Problem to work on
What you return must be exactly the lines from the beginning of the material through the line containing "msp = doc.modelspace()", both included, and no pictures.

++++++++++++++++++++

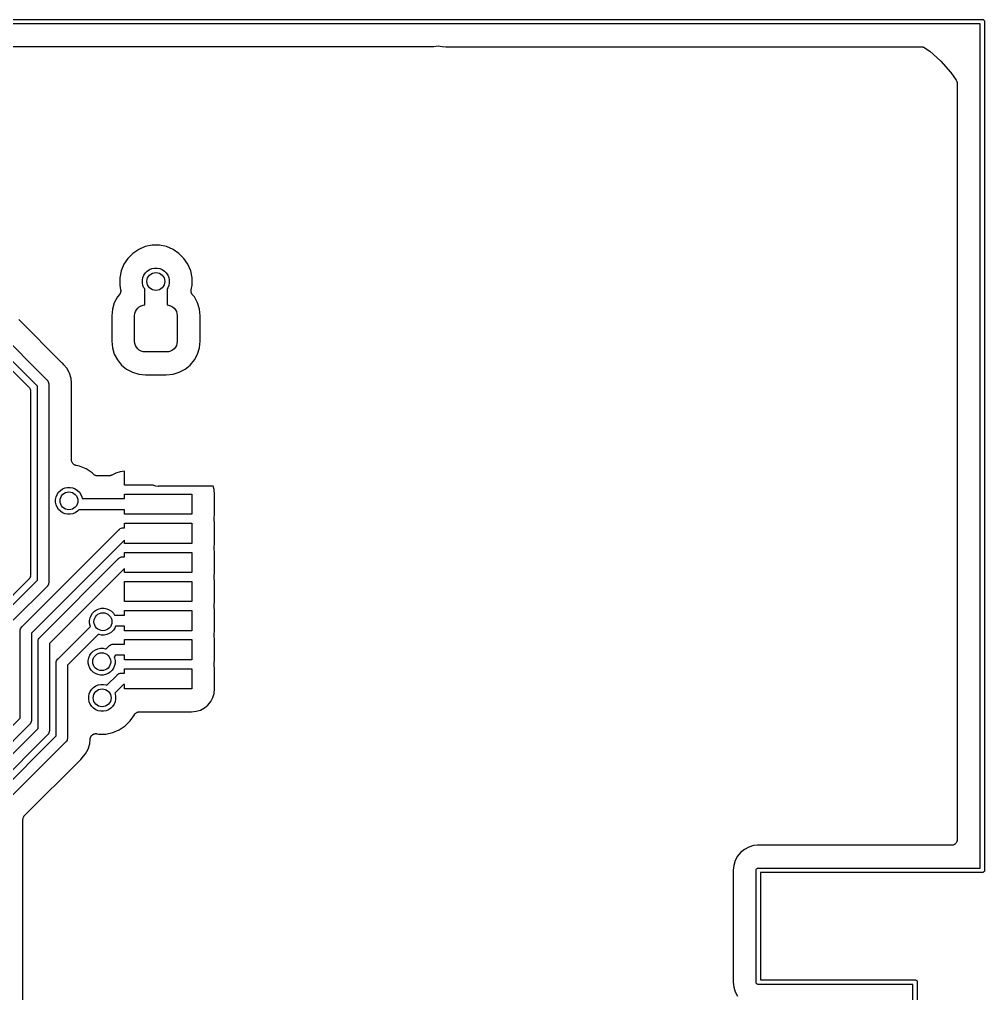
# Model space of a CAD drawing. Extents: x 3.61 to 7.55, y -5.8 to -3.38.
# Drawn here: x 6.699 to 7.547, y -4.236 to -3.38 of the extents above; entities that cross this region are included whole.
import ezdxf

# ---------------------------------------------------------------- set-up
doc = ezdxf.new("R2010")
doc.units = 0
doc.header["$MEASUREMENT"] = 0
doc.layers.add('BLACK', color=7, linetype='CONTINUOUS')

msp = doc.modelspace()

# ---------------------------------------------------------------- linework, layer by layer
at = {"layer": 'BLACK', "linetype": 'CONTINUOUS'}
for p, q in [((3.60836, -3.37992), (7.54518, -3.37992)), ((7.54518, -3.37992), (7.54528, -3.37991)), ((7.54528, -3.37991), (7.54537, -3.37992)), ((7.54537, -3.37992), (7.54566, -3.37995)), ((7.54566, -3.37995), (7.54603, -3.38006)), ((7.54603, -3.38006), (7.54637, -3.38025)), ((7.54637, -3.38025), (7.54667, -3.38049)), ((7.54667, -3.38049), (7.54692, -3.38079)), ((7.54692, -3.38079), (7.5471, -3.38113)), ((7.5471, -3.38113), (7.54722, -3.3815)), ((7.54722, -3.3815), (7.54725, -3.38189)), ((7.54725, -3.38189), (7.54724, -3.38199)), ((7.54724, -3.38199), (7.54724, -4.12786)), ((7.54331, -3.38386), (3.61024, -3.38386)), ((7.54331, -4.12598), (7.54331, -3.38386)), ((5.98067, -3.40354), (7.06335, -3.40354)), ((7.06335, -3.40354), (7.06693, -3.40319)), ((7.06693, -3.40319), (7.07051, -3.40354)), ((7.07051, -3.40354), (7.07051, -3.40354)), ((7.07051, -3.40354), (7.07371, -3.40386)), ((7.07371, -3.40386), (7.49189, -3.40386)), ((7.49189, -3.40386), (7.49196, -3.40386)), ((7.49196, -3.40386), (7.492, -3.40386)), ((7.492, -3.40386), (7.49204, -3.40386)), ((7.49204, -3.40386), (7.49248, -3.40392)), ((7.49248, -3.40392), (7.49293, -3.40397)), ((7.49293, -3.40397), (7.49297, -3.40398)), ((7.49297, -3.40398), (7.49301, -3.40399)), ((7.49301, -3.40399), (7.49343, -3.40413)), ((7.49343, -3.40413), (7.49386, -3.40426)), ((7.49386, -3.40426), (7.4939, -3.40428)), ((7.4939, -3.40428), (7.49394, -3.4043)), ((7.49394, -3.4043), (7.49432, -3.40452)), ((7.49432, -3.40452), (7.49471, -3.40473)), ((7.49471, -3.40473), (7.49475, -3.40476)), ((7.49475, -3.40476), (7.49478, -3.40478)), ((7.49478, -3.40478), (7.49861, -3.4075)), ((7.49861, -3.4075), (7.49866, -3.40754)), ((7.49866, -3.40754), (7.49885, -3.4077)), ((7.49885, -3.4077), (7.49905, -3.40784)), ((7.49905, -3.40784), (7.5085, -3.4163)), ((7.5085, -3.4163), (7.50856, -3.41634)), ((7.50856, -3.41634), (7.50872, -3.41653)), ((7.50872, -3.41653), (7.5089, -3.41669)), ((7.5089, -3.41669), (7.51735, -3.42615)), ((7.51735, -3.42615), (7.5174, -3.4262)), ((7.5174, -3.4262), (7.51754, -3.4264)), ((7.51754, -3.4264), (7.5177, -3.42659)), ((7.5177, -3.42659), (7.52238, -3.43319)), ((7.52238, -3.43319), (7.52242, -3.43325)), ((7.52242, -3.43325), (7.52245, -3.43328)), ((7.52245, -3.43328), (7.52247, -3.43332)), ((7.52247, -3.43332), (7.52268, -3.43371)), ((7.52268, -3.43371), (7.5229, -3.4341)), ((7.5229, -3.4341), (7.52291, -3.43414)), ((7.52291, -3.43414), (7.52293, -3.43418)), ((7.52293, -3.43418), (7.52306, -3.4346)), ((7.52306, -3.4346), (7.52319, -3.43503)), ((7.52319, -3.43503), (7.5232, -3.43507)), ((7.5232, -3.43507), (7.52321, -3.43511)), ((7.52321, -3.43511), (7.52326, -3.43555)), ((7.52326, -3.43555), (7.52331, -3.436)), ((7.52331, -3.436), (7.5233, -3.43604)), ((7.5233, -3.43604), (7.52331, -3.43608)), ((7.52331, -3.43608), (7.52331, -4.10098)), ((6.80962, -3.57965), (6.80383, -3.58205)), ((6.81576, -3.57843), (6.80962, -3.57965)), ((6.82203, -3.57843), (6.81576, -3.57843)), ((6.82818, -3.57965), (6.82203, -3.57843)), ((6.83397, -3.58205), (6.82818, -3.57965)), ((6.79862, -3.58553), (6.79419, -3.58996)), ((6.80383, -3.58205), (6.79862, -3.58553)), ((6.83918, -3.58553), (6.83397, -3.58205)), ((6.84361, -3.58996), (6.83918, -3.58553)), ((6.79071, -3.59517), (6.78831, -3.60096)), ((6.79419, -3.58996), (6.79071, -3.59517)), ((6.84709, -3.59517), (6.84361, -3.58996)), ((6.84949, -3.60096), (6.84709, -3.59517)), ((6.78831, -3.60096), (6.78709, -3.6071)), ((6.80754, -3.60679), (6.80843, -3.60464)), ((6.80843, -3.60464), (6.80972, -3.60271)), ((6.80972, -3.60271), (6.81137, -3.60106)), ((6.81137, -3.60106), (6.8133, -3.59977)), ((6.8133, -3.59977), (6.81545, -3.59888)), ((6.81545, -3.59888), (6.81773, -3.59843)), ((6.81773, -3.59843), (6.82006, -3.59843)), ((6.82006, -3.59843), (6.82234, -3.59888)), ((6.82234, -3.59888), (6.82449, -3.59977)), ((6.82449, -3.59977), (6.82643, -3.60106)), ((6.82643, -3.60106), (6.82807, -3.60271)), ((6.82807, -3.60271), (6.82936, -3.60464)), ((6.82936, -3.60464), (6.83025, -3.60679)), ((6.85071, -3.6071), (6.84949, -3.60096)), ((6.78709, -3.6071), (6.78709, -3.61337)), ((6.78709, -3.61337), (6.78792, -3.61754)), ((6.80709, -3.60907), (6.80754, -3.60679)), ((6.80709, -3.6114), (6.80709, -3.60907)), ((6.80754, -3.61368), (6.80709, -3.6114)), ((6.80843, -3.61583), (6.80754, -3.61368)), ((6.83025, -3.61368), (6.82936, -3.61583)), ((6.83025, -3.60679), (6.83071, -3.60907)), ((6.83071, -3.6114), (6.83025, -3.61368)), ((6.83071, -3.60907), (6.83071, -3.6114)), ((6.84988, -3.61754), (6.85071, -3.61337)), ((6.85071, -3.61337), (6.85071, -3.6071)), ((6.78688, -3.62169), (6.78506, -3.6239)), ((6.787, -3.6215), (6.78688, -3.62169)), ((6.78714, -3.62133), (6.787, -3.6215)), ((6.78727, -3.6211), (6.78714, -3.62133)), ((6.78742, -3.62087), (6.78727, -3.6211)), ((6.7875, -3.62067), (6.78742, -3.62087)), ((6.78761, -3.62048), (6.7875, -3.62067)), ((6.78769, -3.62022), (6.78761, -3.62048)), ((6.78779, -3.61997), (6.78769, -3.62022)), ((6.78784, -3.61976), (6.78779, -3.61997)), ((6.7879, -3.61955), (6.78784, -3.61976)), ((6.78793, -3.61928), (6.7879, -3.61955)), ((6.78792, -3.61754), (6.78793, -3.61761)), ((6.78793, -3.61761), (6.78795, -3.61783)), ((6.78799, -3.61902), (6.78793, -3.61928)), ((6.78795, -3.61783), (6.78799, -3.61804)), ((6.78799, -3.61804), (6.78799, -3.61831)), ((6.78799, -3.61831), (6.78801, -3.61858)), ((6.78801, -3.61858), (6.78799, -3.6188)), ((6.78799, -3.6188), (6.78799, -3.61902)), ((6.80906, -3.61677), (6.80843, -3.61583)), ((6.80906, -3.63095), (6.80906, -3.61677)), ((6.82936, -3.61583), (6.82874, -3.61677)), ((6.82874, -3.61677), (6.82874, -3.63095)), ((6.84978, -3.61851), (6.84981, -3.61824)), ((6.8498, -3.61873), (6.84978, -3.61851)), ((6.8498, -3.61895), (6.8498, -3.61873)), ((6.84985, -3.61921), (6.8498, -3.61895)), ((6.84981, -3.61797), (6.84986, -3.61776)), ((6.84981, -3.61824), (6.84981, -3.61797)), ((6.84988, -3.61948), (6.84985, -3.61921)), ((6.84986, -3.61776), (6.84988, -3.61754)), ((6.84994, -3.61969), (6.84988, -3.61948)), ((6.84998, -3.61991), (6.84994, -3.61969)), ((6.85008, -3.62016), (6.84998, -3.61991)), ((6.85016, -3.62041), (6.85008, -3.62016)), ((6.85026, -3.62061), (6.85016, -3.62041)), ((6.85034, -3.62081), (6.85026, -3.62061)), ((6.85049, -3.62104), (6.85034, -3.62081)), ((6.85062, -3.62128), (6.85049, -3.62104)), ((6.85075, -3.62145), (6.85062, -3.62128)), ((6.85087, -3.62163), (6.85075, -3.62145)), ((6.85092, -3.62169), (6.85087, -3.62163)), ((6.85273, -3.6239), (6.85092, -3.62169)), ((6.78234, -3.62899), (6.78067, -3.63451)), ((6.78506, -3.6239), (6.78234, -3.62899)), ((6.80597, -3.63162), (6.80772, -3.63109)), ((6.80772, -3.63109), (6.80906, -3.63095)), ((6.82874, -3.63095), (6.83007, -3.63109)), ((6.83007, -3.63109), (6.83183, -3.63162)), ((6.85545, -3.62899), (6.85273, -3.6239)), ((6.85713, -3.63451), (6.85545, -3.62899)), ((6.78067, -3.63451), (6.78008, -3.6405)), ((6.8002, -3.64026), (6.80038, -3.63843)), ((6.80038, -3.63843), (6.80091, -3.63668)), ((6.80091, -3.63668), (6.80177, -3.63506)), ((6.80177, -3.63506), (6.80294, -3.63364)), ((6.80294, -3.63364), (6.80435, -3.63248)), ((6.80435, -3.63248), (6.80597, -3.63162)), ((6.83183, -3.63162), (6.83344, -3.63248)), ((6.83344, -3.63248), (6.83486, -3.63364)), ((6.83486, -3.63364), (6.83602, -3.63506)), ((6.83602, -3.63506), (6.83689, -3.63668)), ((6.83689, -3.63668), (6.83742, -3.63843)), ((6.83742, -3.63843), (6.8376, -3.64026)), ((6.85772, -3.6405), (6.85713, -3.63451)), ((6.67266, -3.6463), (6.72308, -3.69672)), ((6.73636, -3.68171), (6.69843, -3.64379)), ((6.78008, -3.6405), (6.78008, -3.66265)), ((6.8002, -3.66289), (6.8002, -3.64026)), ((6.8376, -3.64026), (6.8376, -3.66289)), ((6.85772, -3.66265), (6.85772, -3.6405)), ((6.71485, -3.70241), (6.66697, -3.65453)), ((6.78008, -3.66265), (6.78067, -3.66864)), ((6.80038, -3.66472), (6.8002, -3.66289)), ((6.80091, -3.66647), (6.80038, -3.66472)), ((6.83742, -3.66472), (6.83689, -3.66647)), ((6.8376, -3.66289), (6.83742, -3.66472)), ((6.85713, -3.66864), (6.85772, -3.66265)), ((6.67584, -3.67189), (6.70724, -3.70329)), ((6.78067, -3.66864), (6.78234, -3.67416)), ((6.80177, -3.66809), (6.80091, -3.66647)), ((6.80294, -3.66951), (6.80177, -3.66809)), ((6.80435, -3.67067), (6.80294, -3.66951)), ((6.80597, -3.67153), (6.80435, -3.67067)), ((6.80772, -3.67206), (6.80597, -3.67153)), ((6.80955, -3.67224), (6.80772, -3.67206)), ((6.82825, -3.67224), (6.80955, -3.67224)), ((6.83007, -3.67206), (6.82825, -3.67224)), ((6.83183, -3.67153), (6.83007, -3.67206)), ((6.83344, -3.67067), (6.83183, -3.67153)), ((6.83486, -3.66951), (6.83344, -3.67067)), ((6.83602, -3.66809), (6.83486, -3.66951)), ((6.83689, -3.66647), (6.83602, -3.66809)), ((6.85545, -3.67416), (6.85713, -3.66864)), ((6.73652, -3.68185), (6.73636, -3.68171)), ((6.73667, -3.682), (6.73652, -3.68185)), ((6.73672, -3.68204), (6.73667, -3.682)), ((6.73748, -3.68267), (6.73672, -3.68204)), ((6.78234, -3.67416), (6.78506, -3.67925)), ((6.78506, -3.67925), (6.78872, -3.68372)), ((6.84907, -3.68372), (6.85273, -3.67925)), ((6.85273, -3.67925), (6.85545, -3.67416)), ((6.7381, -3.68343), (6.73748, -3.68267)), ((6.74059, -3.68646), (6.7381, -3.68343)), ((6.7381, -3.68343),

++++++++++++++++++++

Task solution
# Model space of a CAD drawing. Extents: x 3.61 to 7.55, y -5.8 to -3.38.
# Drawn here: x 6.699 to 7.547, y -4.236 to -3.38 of the extents above; entities that cross this region are included whole.
import ezdxf

# ---------------------------------------------------------------- set-up
doc = ezdxf.new("R2010")
doc.units = 0
doc.header["$MEASUREMENT"] = 0
doc.layers.add('BLACK', color=7, linetype='CONTINUOUS')

msp = doc.modelspace()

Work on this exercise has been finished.